(Data records)
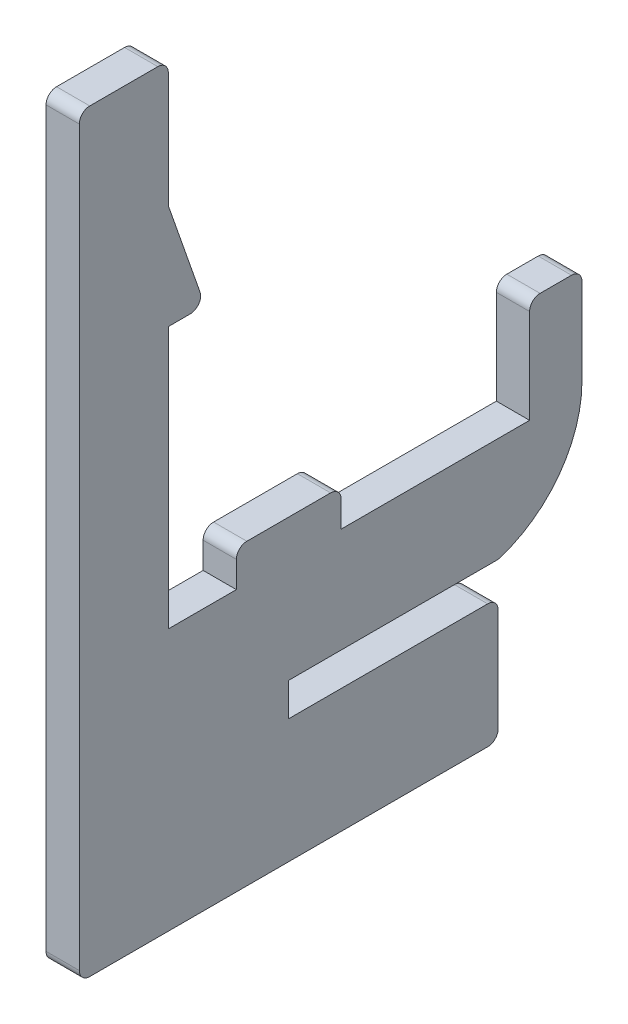
ISO-10303-21;
HEADER;
FILE_DESCRIPTION(('STEP AP214'),'2;1');
FILE_NAME('part.step','',(''),(''),'','','');
FILE_SCHEMA(('AUTOMOTIVE_DESIGN { 1 0 10303 214 1 1 1 1 }'));
ENDSEC;
DATA;
#1=APPLICATION_CONTEXT('core data for automotive mechanical design processes');
#2=APPLICATION_PROTOCOL_DEFINITION('international standard','automotive_design',2000,#1);
#3=PRODUCT_CONTEXT('',#1,'mechanical');
#4=PRODUCT('Part','Part','',(#3));
#5=PRODUCT_RELATED_PRODUCT_CATEGORY('part','',(#4));
#6=PRODUCT_DEFINITION_FORMATION('','',#4);
#7=PRODUCT_DEFINITION_CONTEXT('part definition',#1,'design');
#8=PRODUCT_DEFINITION('design','',#6,#7);
#9=PRODUCT_DEFINITION_SHAPE('','',#8);
#10=(LENGTH_UNIT() NAMED_UNIT(*) SI_UNIT(.MILLI.,.METRE.));
#11=(NAMED_UNIT(*) PLANE_ANGLE_UNIT() SI_UNIT($,.RADIAN.));
#12=(NAMED_UNIT(*) SI_UNIT($,.STERADIAN.) SOLID_ANGLE_UNIT());
#13=UNCERTAINTY_MEASURE_WITH_UNIT(LENGTH_MEASURE(1.E-05),#10,'distance_accuracy_value','');
#14=(GEOMETRIC_REPRESENTATION_CONTEXT(3) GLOBAL_UNCERTAINTY_ASSIGNED_CONTEXT((#13)) GLOBAL_UNIT_ASSIGNED_CONTEXT((#10,
#11,#12)) REPRESENTATION_CONTEXT('',''));
#15=CARTESIAN_POINT('',(0.,0.,0.));
#16=DIRECTION('',(0.,0.,1.));
#17=DIRECTION('',(1.,0.,0.));
#18=AXIS2_PLACEMENT_3D('',#15,#16,#17);
#19=CARTESIAN_POINT('',(3.175,0.721690905377064,-28.3153340080972));
#20=DIRECTION('',(-1.,0.,0.));
#21=DIRECTION('',(0.,0.,1.));
#22=AXIS2_PLACEMENT_3D('',#19,#20,#21);
#23=CYLINDRICAL_SURFACE('',#22,11.1846659919028);
#24=CARTESIAN_POINT('',(3.175,0.721690905377064,-28.3153340080972));
#25=DIRECTION('',(1.,0.,0.));
#26=DIRECTION('',(0.,0.,-1.));
#27=AXIS2_PLACEMENT_3D('',#24,#25,#26);
#28=CIRCLE('',#27,11.1846659919028);
#29=CARTESIAN_POINT('',(3.175,0.721690905377065,-39.5));
#30=VERTEX_POINT('',#29);
#31=CARTESIAN_POINT('',(3.175,-9.95454194699228,-31.649221443572));
#32=VERTEX_POINT('',#31);
#33=EDGE_CURVE('E250',#30,#32,#28,.F.);
#34=ORIENTED_EDGE('',*,*,#33,.T.);
#35=DIRECTION('',(-1.,0.,0.));
#36=VECTOR('',#35,1.);
#37=CARTESIAN_POINT('',(3.175,-9.95454194699229,-31.649221443572));
#38=LINE('',#37,#36);
#39=CARTESIAN_POINT('',(0.,-9.95454194699228,-31.649221443572));
#40=VERTEX_POINT('',#39);
#41=EDGE_CURVE('E258',#32,#40,#38,.T.);
#42=ORIENTED_EDGE('',*,*,#41,.T.);
#43=CARTESIAN_POINT('',(0.,0.721690905377064,-28.3153340080972));
#44=DIRECTION('',(1.,0.,0.));
#45=DIRECTION('',(0.,0.,-1.));
#46=AXIS2_PLACEMENT_3D('',#43,#44,#45);
#47=CIRCLE('',#46,11.1846659919028);
#48=CARTESIAN_POINT('',(0.,0.721690905377065,-39.5));
#49=VERTEX_POINT('',#48);
#50=EDGE_CURVE('E257',#49,#40,#47,.F.);
#51=ORIENTED_EDGE('',*,*,#50,.F.);
#52=DIRECTION('',(-1.,0.,0.));
#53=VECTOR('',#52,1.);
#54=CARTESIAN_POINT('',(3.175,0.721690905377065,-39.5));
#55=LINE('',#54,#53);
#56=EDGE_CURVE('E243',#30,#49,#55,.T.);
#57=ORIENTED_EDGE('',*,*,#56,.F.);
#58=EDGE_LOOP('',(#34,#42,#51,#57));
#59=FACE_BOUND('',#58,.T.);
#60=ADVANCED_FACE('F34',(#59),#23,.T.);
#61=CARTESIAN_POINT('',(3.175,0.,-39.5));
#62=DIRECTION('',(0.,0.,-1.));
#63=DIRECTION('',(-1.,0.,0.));
#64=AXIS2_PLACEMENT_3D('',#61,#62,#63);
#65=PLANE('',#64);
#66=DIRECTION('',(0.,-1.,0.));
#67=VECTOR('',#66,1.);
#68=CARTESIAN_POINT('',(0.,0.,-39.5));
#69=LINE('',#68,#67);
#70=CARTESIAN_POINT('',(0.,9.,-39.5));
#71=VERTEX_POINT('',#70);
#72=EDGE_CURVE('E319',#71,#49,#69,.T.);
#73=ORIENTED_EDGE('',*,*,#72,.F.);
#74=DIRECTION('',(-1.,0.,0.));
#75=VECTOR('',#74,1.);
#76=CARTESIAN_POINT('',(3.175,9.,-39.5));
#77=LINE('',#76,#75);
#78=CARTESIAN_POINT('',(3.175,9.,-39.5));
#79=VERTEX_POINT('',#78);
#80=EDGE_CURVE('E246',#71,#79,#77,.F.);
#81=ORIENTED_EDGE('',*,*,#80,.T.);
#82=DIRECTION('',(0.,-1.,0.));
#83=VECTOR('',#82,1.);
#84=CARTESIAN_POINT('',(3.175,0.,-39.5));
#85=LINE('',#84,#83);
#86=EDGE_CURVE('E239',#79,#30,#85,.T.);
#87=ORIENTED_EDGE('',*,*,#86,.T.);
#88=ORIENTED_EDGE('',*,*,#56,.T.);
#89=EDGE_LOOP('',(#73,#81,#87,#88));
#90=FACE_BOUND('',#89,.T.);
#91=ADVANCED_FACE('F242',(#90),#65,.T.);
#92=CARTESIAN_POINT('',(3.175,10.,0.));
#93=DIRECTION('',(0.,1.,0.));
#94=DIRECTION('',(0.,0.,1.));
#95=AXIS2_PLACEMENT_3D('',#92,#93,#94);
#96=PLANE('',#95);
#97=DIRECTION('',(0.,0.,-1.));
#98=VECTOR('',#97,1.);
#99=CARTESIAN_POINT('',(3.175,10.,0.));
#100=LINE('',#99,#98);
#101=CARTESIAN_POINT('',(3.175,10.,-35.5));
#102=VERTEX_POINT('',#101);
#103=CARTESIAN_POINT('',(3.175,10.,-38.5));
#104=VERTEX_POINT('',#103);
#105=EDGE_CURVE('E249',#102,#104,#100,.T.);
#106=ORIENTED_EDGE('',*,*,#105,.T.);
#107=DIRECTION('',(-1.,0.,0.));
#108=VECTOR('',#107,1.);
#109=CARTESIAN_POINT('',(3.175,10.,-38.5));
#110=LINE('',#109,#108);
#111=CARTESIAN_POINT('',(0.,10.,-38.5));
#112=VERTEX_POINT('',#111);
#113=EDGE_CURVE('E432',#104,#112,#110,.T.);
#114=ORIENTED_EDGE('',*,*,#113,.T.);
#115=DIRECTION('',(0.,0.,-1.));
#116=VECTOR('',#115,1.);
#117=CARTESIAN_POINT('',(0.,10.,0.));
#118=LINE('',#117,#116);
#119=CARTESIAN_POINT('',(0.,10.,-35.5));
#120=VERTEX_POINT('',#119);
#121=EDGE_CURVE('E321',#120,#112,#118,.T.);
#122=ORIENTED_EDGE('',*,*,#121,.F.);
#123=DIRECTION('',(-1.,0.,0.));
#124=VECTOR('',#123,1.);
#125=CARTESIAN_POINT('',(3.175,10.,-35.5));
#126=LINE('',#125,#124);
#127=EDGE_CURVE('E430',#120,#102,#126,.F.);
#128=ORIENTED_EDGE('',*,*,#127,.T.);
#129=EDGE_LOOP('',(#106,#114,#122,#128));
#130=FACE_BOUND('',#129,.T.);
#131=ADVANCED_FACE('F537',(#130),#96,.T.);
#132=CARTESIAN_POINT('',(3.175,0.,-34.5));
#133=DIRECTION('',(0.,0.,1.));
#134=DIRECTION('',(1.,0.,0.));
#135=AXIS2_PLACEMENT_3D('',#132,#133,#134);
#136=PLANE('',#135);
#137=DIRECTION('',(0.,1.,0.));
#138=VECTOR('',#137,1.);
#139=CARTESIAN_POINT('',(3.175,0.,-34.5));
#140=LINE('',#139,#138);
#141=CARTESIAN_POINT('',(3.175,0.,-34.5));
#142=VERTEX_POINT('',#141);
#143=CARTESIAN_POINT('',(3.175,9.,-34.5));
#144=VERTEX_POINT('',#143);
#145=EDGE_CURVE('E272',#142,#144,#140,.T.);
#146=ORIENTED_EDGE('',*,*,#145,.T.);
#147=DIRECTION('',(-1.,0.,0.));
#148=VECTOR('',#147,1.);
#149=CARTESIAN_POINT('',(3.175,9.,-34.5));
#150=LINE('',#149,#148);
#151=CARTESIAN_POINT('',(0.,9.,-34.5));
#152=VERTEX_POINT('',#151);
#153=EDGE_CURVE('E11',#144,#152,#150,.T.);
#154=ORIENTED_EDGE('',*,*,#153,.T.);
#155=DIRECTION('',(0.,1.,0.));
#156=VECTOR('',#155,1.);
#157=CARTESIAN_POINT('',(0.,0.,-34.5));
#158=LINE('',#157,#156);
#159=CARTESIAN_POINT('',(0.,0.,-34.5));
#160=VERTEX_POINT('',#159);
#161=EDGE_CURVE('E324',#160,#152,#158,.T.);
#162=ORIENTED_EDGE('',*,*,#161,.F.);
#163=DIRECTION('',(-1.,0.,0.));
#164=VECTOR('',#163,1.);
#165=CARTESIAN_POINT('',(3.175,0.,-34.5));
#166=LINE('',#165,#164);
#167=EDGE_CURVE('E259',#142,#160,#166,.T.);
#168=ORIENTED_EDGE('',*,*,#167,.F.);
#169=EDGE_LOOP('',(#146,#154,#162,#168));
#170=FACE_BOUND('',#169,.T.);
#171=ADVANCED_FACE('F545',(#170),#136,.T.);
#172=CARTESIAN_POINT('',(3.175,0.,0.));
#173=DIRECTION('',(0.,1.,0.));
#174=DIRECTION('',(0.,0.,1.));
#175=AXIS2_PLACEMENT_3D('',#172,#173,#174);
#176=PLANE('',#175);
#177=DIRECTION('',(0.,0.,-1.));
#178=VECTOR('',#177,1.);
#179=CARTESIAN_POINT('',(0.,0.,0.));
#180=LINE('',#179,#178);
#181=CARTESIAN_POINT('',(0.,0.,-16.5));
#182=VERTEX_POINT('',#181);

• _What the task requires_
May I have exactly the lines from the one containing "#164=VECTOR('',#163,1.);" through the last line of the data, both included?

• _Task solution_
#164=VECTOR('',#163,1.);
#165=CARTESIAN_POINT('',(3.175,0.,-34.5));
#166=LINE('',#165,#164);
#167=EDGE_CURVE('E259',#142,#160,#166,.T.);
#168=ORIENTED_EDGE('',*,*,#167,.F.);
#169=EDGE_LOOP('',(#146,#154,#162,#168));
#170=FACE_BOUND('',#169,.T.);
#171=ADVANCED_FACE('F545',(#170),#136,.T.);
#172=CARTESIAN_POINT('',(3.175,0.,0.));
#173=DIRECTION('',(0.,1.,0.));
#174=DIRECTION('',(0.,0.,1.));
#175=AXIS2_PLACEMENT_3D('',#172,#173,#174);
#176=PLANE('',#175);
#177=DIRECTION('',(0.,0.,-1.));
#178=VECTOR('',#177,1.);
#179=CARTESIAN_POINT('',(0.,0.,0.));
#180=LINE('',#179,#178);
#181=CARTESIAN_POINT('',(0.,0.,-16.5));
#182=VERTEX_POINT('',#181);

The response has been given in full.